In a special operation, agents of the Honduran Special Operations Command and the Honduran National Police’s National Anti-Drug Police Directorate captured Herlinda Bobadilla, alias La Chinda, accused of leading a narcotrafficking cartel in the Caribbean coast of Honduras with her sons, the National Police said.
According to the police report, authorities captured alias La Chinda in a jungle area of the municipality of Limón, Colón department. On May 15, Honduran Nacional Police Director Gustavo Sánchez said that one of her sons, Tito Montes Bobadilla, died during the confrontation. Juan Carlos Montes Bobadilla, another of Herlinda Bobadilla’s sons, remains at large.
“The Montes narcotrafficking organization supplies, imports, transports, and distributes drugs, and launders illicit narcotics proceeds through Central America, Mexico, and the United States,” Ned Prize, the U.S. Department of State spokesperson, said in an early May statement.
Under its Narcotics Reward Program, the U.S. Department of State offered a reward of up to $5 million in exchange for information leading to the arrest or conviction of the leaders of this criminal group. The reward supported the U.S. government’s efforts to combat the destabilizing effects of transnational criminal groups in Central America.

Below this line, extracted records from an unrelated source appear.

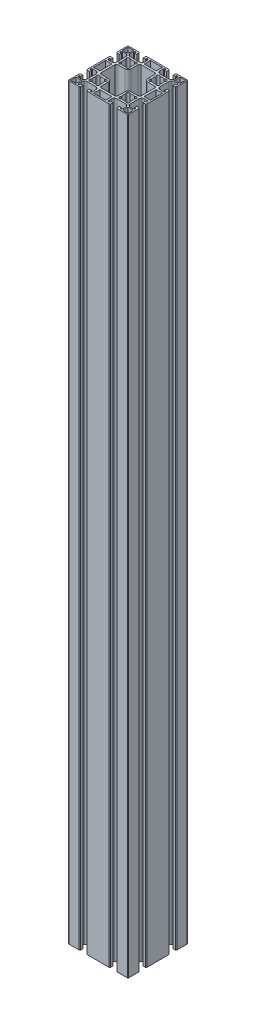
from build123d import *

# Parameters (mm, degrees)
SKETCH1_W           = 8.4
SKETCH1_H           = 16.2
SKETCH1_W_2         = 7.2
SKETCH1_H_2         = 7.2
SKETCH1_W_3         = 16.2
SKETCH1_H_3         = 8.4
BOSS_EXTRUDE1_DEPTH = 1000


with BuildPart() as part:
    # Sketch1 → Boss-Extrude1 (new body)
    with BuildSketch(Plane(origin=(0, 0, 0), x_dir=(1, 0, 0), z_dir=(0, 1, 0))):
        with BuildLine():
            Line((39.881157874, -42.704615906), (39.881157874, -28.954615906))
            Line((39.881157874, -28.954615906), (38.881157874, -27.954615906))
            Line((38.881157874, -27.954615906), (35.881157874, -27.954615906))
            Line((35.881157874, -27.954615906), (35.881157874, -30.954615906))
            Line((35.881157874, -30.954615906), (37.485281077, -30.954615906))
            ThreePointArc((37.485281077, -30.954615906), (37.868303299, -31.133222101), (37.977684954, -31.541439995))
            Line((37.977684954, -31.541439995), (37.797926779, -32.560899266))
            ThreePointArc((37.797926779, -32.560899266), (37.49010865, -33.094055905), (36.911599801, -33.304615906))
            Line((36.911599801, -33.304615906), (32.215023493, -33.304615906))
            ThreePointArc((32.215023493, -33.304615906), (31.066973196, -33.076254504), (30.09370315, -32.42593625))
            Line((30.09370315, -32.42593625), (29.55983753, -31.89207063))
            ThreePointArc((29.55983753, -31.89207063), (28.909519276, -30.918800583), (28.681157874, -29.770750286))
            Line((28.681157874, -29.770750286), (28.681157874, -17.638481526))
            ThreePointArc((28.681157874, -17.638481526), (28.909519276, -16.490431229), (29.55983753, -15.517161182))
            Line((29.55983753, -15.517161182), (30.09370315, -14.983295562))
            ThreePointArc((30.09370315, -14.983295562), (31.066973196, -14.332977309), (32.215023493, -14.104615906))
            Line((32.215023493, -14.104615906), (36.911599801, -14.104615906))
            ThreePointArc((36.911599801, -14.104615906), (37.49010865, -14.315175907), (37.797926779, -14.848332546))
            Line((37.797926779, -14.848332546), (37.977684954, -15.867791817))
            ThreePointArc((37.977684954, -15.867791817), (37.868303299, -16.276009711), (37.485281077, -16.454615906))
            Line((37.485281077, -16.454615906), (35.881157874, -16.454615906))
            Line((35.881157874, -16.454615906), (35.881157874, -19.454615906))
            Line((35.881157874, -19.454615906), (38.881157874, -19.454615906))
            Line((38.881157874, -19.454615906), (39.881157874, -18.454615906))
            Line((39.881157874, -18.454615906), (39.881157874, 11.045384094))
            Line((39.881157874, 11.045384094), (38.881157874, 12.045384094))
            Line((38.881157874, 12.045384094), (35.881157874, 12.045384094))
            Line((35.881157874, 12.045384094), (35.881157874, 9.045384094))
            Line((35.881157874, 9.045384094), (37.485281077, 9.045384094))
            ThreePointArc((37.485281077, 9.045384094), (37.868303299, 8.866777899), (37.977684954, 8.458560005))
            Line((37.977684954, 8.458560005), (37.797926779, 7.439100734))
            ThreePointArc((37.797926779, 7.439100734), (37.49010865, 6.905944095), (36.911599801, 6.695384094))
            Line((36.911599801, 6.695384094), (32.215023493, 6.695384094))
            ThreePointArc((32.215023493, 6.695384094), (31.066973196, 6.923745496), (30.09370315, 7.57406375))
            Line((30.09370315, 7.57406375), (29.55983753, 8.10792937))
            ThreePointArc((29.55983753, 8.10792937), (28.909519276, 9.081199417), (28.681157874, 10.229249714))
            Line((28.681157874, 10.229249714), (28.681157874, 22.361518474))
            ThreePointArc((28.681157874, 22.361518474), (28.909519276, 23.509568771), (29.55983753, 24.482838818))
            Line((29.55983753, 24.482838818), (30.09370315, 25.016704438))
            ThreePointArc((30.09370315, 25.016704438), (31.066973196, 25.667022691), (32.215023493, 25.895384094))
            Line((32.215023493, 25.895384094), (36.911599801, 25.895384094))
            ThreePointArc((36.911599801, 25.895384094), (37.49010865, 25.684824093), (37.797926779, 25.151667454))
            Line((37.797926779, 25.151667454), (37.977684954, 24.132208183))
            ThreePointArc((37.977684954, 24.132208183), (37.868303299, 23.723990289), (37.485281077, 23.545384094))
            Line((37.485281077, 23.545384094), (35.881157874, 23.545384094))
            Line((35.881157874, 23.545384094), (35.881157874, 20.545384094))
            Line((35.881157874, 20.545384094), (38.881157874, 20.545384094))
            Line((38.881157874, 20.545384094), (39.881157874, 21.545384094))
            Line((39.881157874, 21.545384094), (39.881157874, 35.295384094))
            ThreePointArc((39.881157874, 35.295384094), (39.588264655, 36.002490875), (38.881157874, 36.295384094))
            Line((38.881157874, 36.295384094), (25.131157874, 36.295384094))
            Line((25.131157874, 36.295384094), (24.131157874, 35.295384094))
            Line((24.131157874, 35.295384094), (24.131157874, 32.295384094))
            Line((24.131157874, 32.295384094), (27.131157874, 32.295384094))
            Line((27.131157874, 32.295384094), (27.131157874, 33.899507298))
            ThreePointArc((27.131157874, 33.899507298), (27.309764069, 34.282529519), (27.717981962, 34.391911174))
            Line((27.717981962, 34.391911174), (28.737441233, 34.212152999))
            ThreePointArc((28.737441233, 34.212152999), (29.270597872, 33.90433487), (29.481157874, 33.325826021))
            Line((29.481157874, 33.325826021), (29.481157874, 28.629249714))
            ThreePointArc((29.481157874, 28.629249714), (29.252796471, 27.481199417), (28.602478217, 26.50792937))
            Line((28.602478217, 26.50792937), (28.068612597, 25.97406375))
            ThreePointArc((28.068612597, 25.97406375), (27.095342551, 25.323745496), (25.947292254, 25.095384094))
            Line((25.947292254, 25.095384094), (13.815023493, 25.095384094))
            ThreePointArc((13.815023493, 25.095384094), (12.666973196, 25.323745496), (11.69370315, 25.97406375))
            Line((11.69370315, 25.97406375), (11.15983753, 26.50792937))
            ThreePointArc((11.15983753, 26.50792937), (10.509519276, 27.481199417), (10.281157874, 28.629249714))
            Line((10.281157874, 28.629249714), (10.281157874, 33.325826021))
            ThreePointArc((10.281157874, 33.325826021), (10.491717875, 33.90433487), (11.024874514, 34.212152999))
            Line((11.024874514, 34.212152999), (12.044333785, 34.391911174))
            ThreePointArc((12.044333785, 34.391911174), (12.452551678, 34.282529519), (12.631157874, 33.899507298))
            Line((12.631157874, 33.899507298), (12.631157874, 32.295384094))
            Line((12.631157874, 32.295384094), (15.631157874, 32.295384094))
            Line((15.631157874, 32.295384094), (15.631157874, 35.295384094))
            Line((15.631157874, 35.295384094), (14.631157874, 36.295384094))
            Line((14.631157874, 36.295384094), (-14.868842126, 36.295384094))
            Line((-14.868842126, 36.295384094), (-15.868842126, 35.295384094))
            Line((-15.868842126, 35.295384094), (-15.868842126, 32.295384094))
            Line((-15.868842126, 32.295384094), (-12.868842126, 32.295384094))
            Line((-12.868842126, 32.295384094), (-12.868842126, 33.899507298))
            ThreePointArc((-12.868842126, 33.899507298), (-12.690235931, 34.282529519), (-12.282018038, 34.391911174))
            Line((-12.282018038, 34.391911174), (-11.262558767, 34.212152999))
            ThreePointArc((-11.262558767, 34.212152999), (-10.729402128, 33.90433487), (-10.518842126, 33.325826021))
            Line((-10.518842126, 33.325826021), (-10.518842126, 28.629249714))
            ThreePointArc((-10.518842126, 28.629249714), (-10.747203529, 27.481199417), (-11.397521783, 26.50792937))
            Line((-11.397521783, 26.50792937), (-11.931387403, 25.97406375))
            ThreePointArc((-11.931387403, 25.97406375), (-12.904657449, 25.323745496), (-14.052707746, 25.095384094))
            Line((-14.052707746, 25.095384094), (-26.184976507, 25.095384094))
            ThreePointArc((-26.184976507, 25.095384094), (-27.333026804, 25.323745496), (-28.30629685, 25.97406375))
            Line((-28.30629685, 25.97406375), (-28.84016247, 26.50792937))
            ThreePointArc((-28.84016247, 26.50792937), (-29.490480724, 27.481199417), (-29.718842126, 28.629249714))
            Line((-29.718842126, 28.629249714), (-29.718842126, 33.325826021))
            ThreePointArc((-29.718842126, 33.325826021), (-29.508282125, 33.90433487), (-28.975125486, 34.212152999))
            Line((-28.975125486, 34.212152999), (-27.955666215, 34.391911174))
            ThreePointArc((-27.955666215, 34.391911174), (-27.547448322, 34.282529519), (-27.368842126, 33.899507298))
            Line((-27.368842126, 33.899507298), (-27.368842126, 32.295384094))
            Line((-27.368842126, 32.295384094), (-24.368842126, 32.295384094))
            Line((-24.368842126, 32.295384094), (-24.368842126, 35.295384094))
            Line((-24.368842126, 35.295384094), (-25.368842126, 36.295384094))
            Line((-25.368842126, 36.295384094), (-39.118842126, 36.295384094))
            ThreePointArc((-39.118842126, 36.295384094), (-39.825948908, 36.002490875), (-40.118842126, 35.295384094))
            Line((-40.118842126, 35.295384094), (-40.118842126, 21.545384094))
            Line((-40.118842126, 21.545384094), (-39.118842126, 20.545384094))
            Line((-39.118842126, 20.545384094), (-36.118842126, 20.545384094))
            Line((-36.118842126, 20.545384094), (-36.118842126, 23.545384094))
            Line((-36.118842126, 23.545384094), (-37.72296533, 23.545384094))
            ThreePointArc((-37.72296533, 23.545384094), (-38.105987552, 23.723990289), (-38.215369207, 24.132208183))
            Line((-38.215369207, 24.132208183), (-38.035611031, 25.151667454))
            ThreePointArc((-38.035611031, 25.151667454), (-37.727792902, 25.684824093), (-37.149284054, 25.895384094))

According to the U.S. Department of State, the leadership roles in the organization of Bobadilla and her sons grew since the 2019 arrest and subsequent extradition to the United States of Herlinda Bobadilla’s third son, Noe Montes Bobadilla, who is currently serving a 37-year prison sentence for narcotrafficking.

“The ties she has with her family group do not ensure that they have supremacy over the criminal group. Whoever tries to replace her may or may not be a family member, may or may not be someone close to her,” Misael Rivas Soriano, a Salvadoran security analyst and former dean of the New University San Salvador’s School of Law and Social Sciences, told Diálogo. “They know now that their operation is compromised to the core and they will make changes; I don’t doubt that security agencies, both in the United States and in Honduras, will be prepared for that.”
The Montes Bobadilla extended their operations in the Colón department of the Caribbean coast, an important stopover for cocaine moving through Central America, as it is a “well-established route for cocaine transported by sea, air, and land,” InSight Crime, an organization that studies organized crime in Latin America and the Caribbean, said.
According to Dr. Gustavo Duncan, a professor in the Department of Government and Political Science at EAFIT University in Medellín, Colombia, and a narcotrafficking expert, Honduras continues to be an important transit point for narcotrafficking from Colombia.
“The cartels in Colombia today are very different […]; what we find are private armies located in drug production zones, peripheral areas where there is control of crops, laboratories, and exit routes,” Duncan told Diálogo. “This is part of the dynamic of the Colombian conflict in which the State has been recovering territorial control, so that those who control narcotrafficking can only have influence in remote areas, because the State has strengthened its enforcement capacity.”
Herlinda Bobadilla remains under arrest, while the Honduran government moves forward with extradition proceedings to the United States.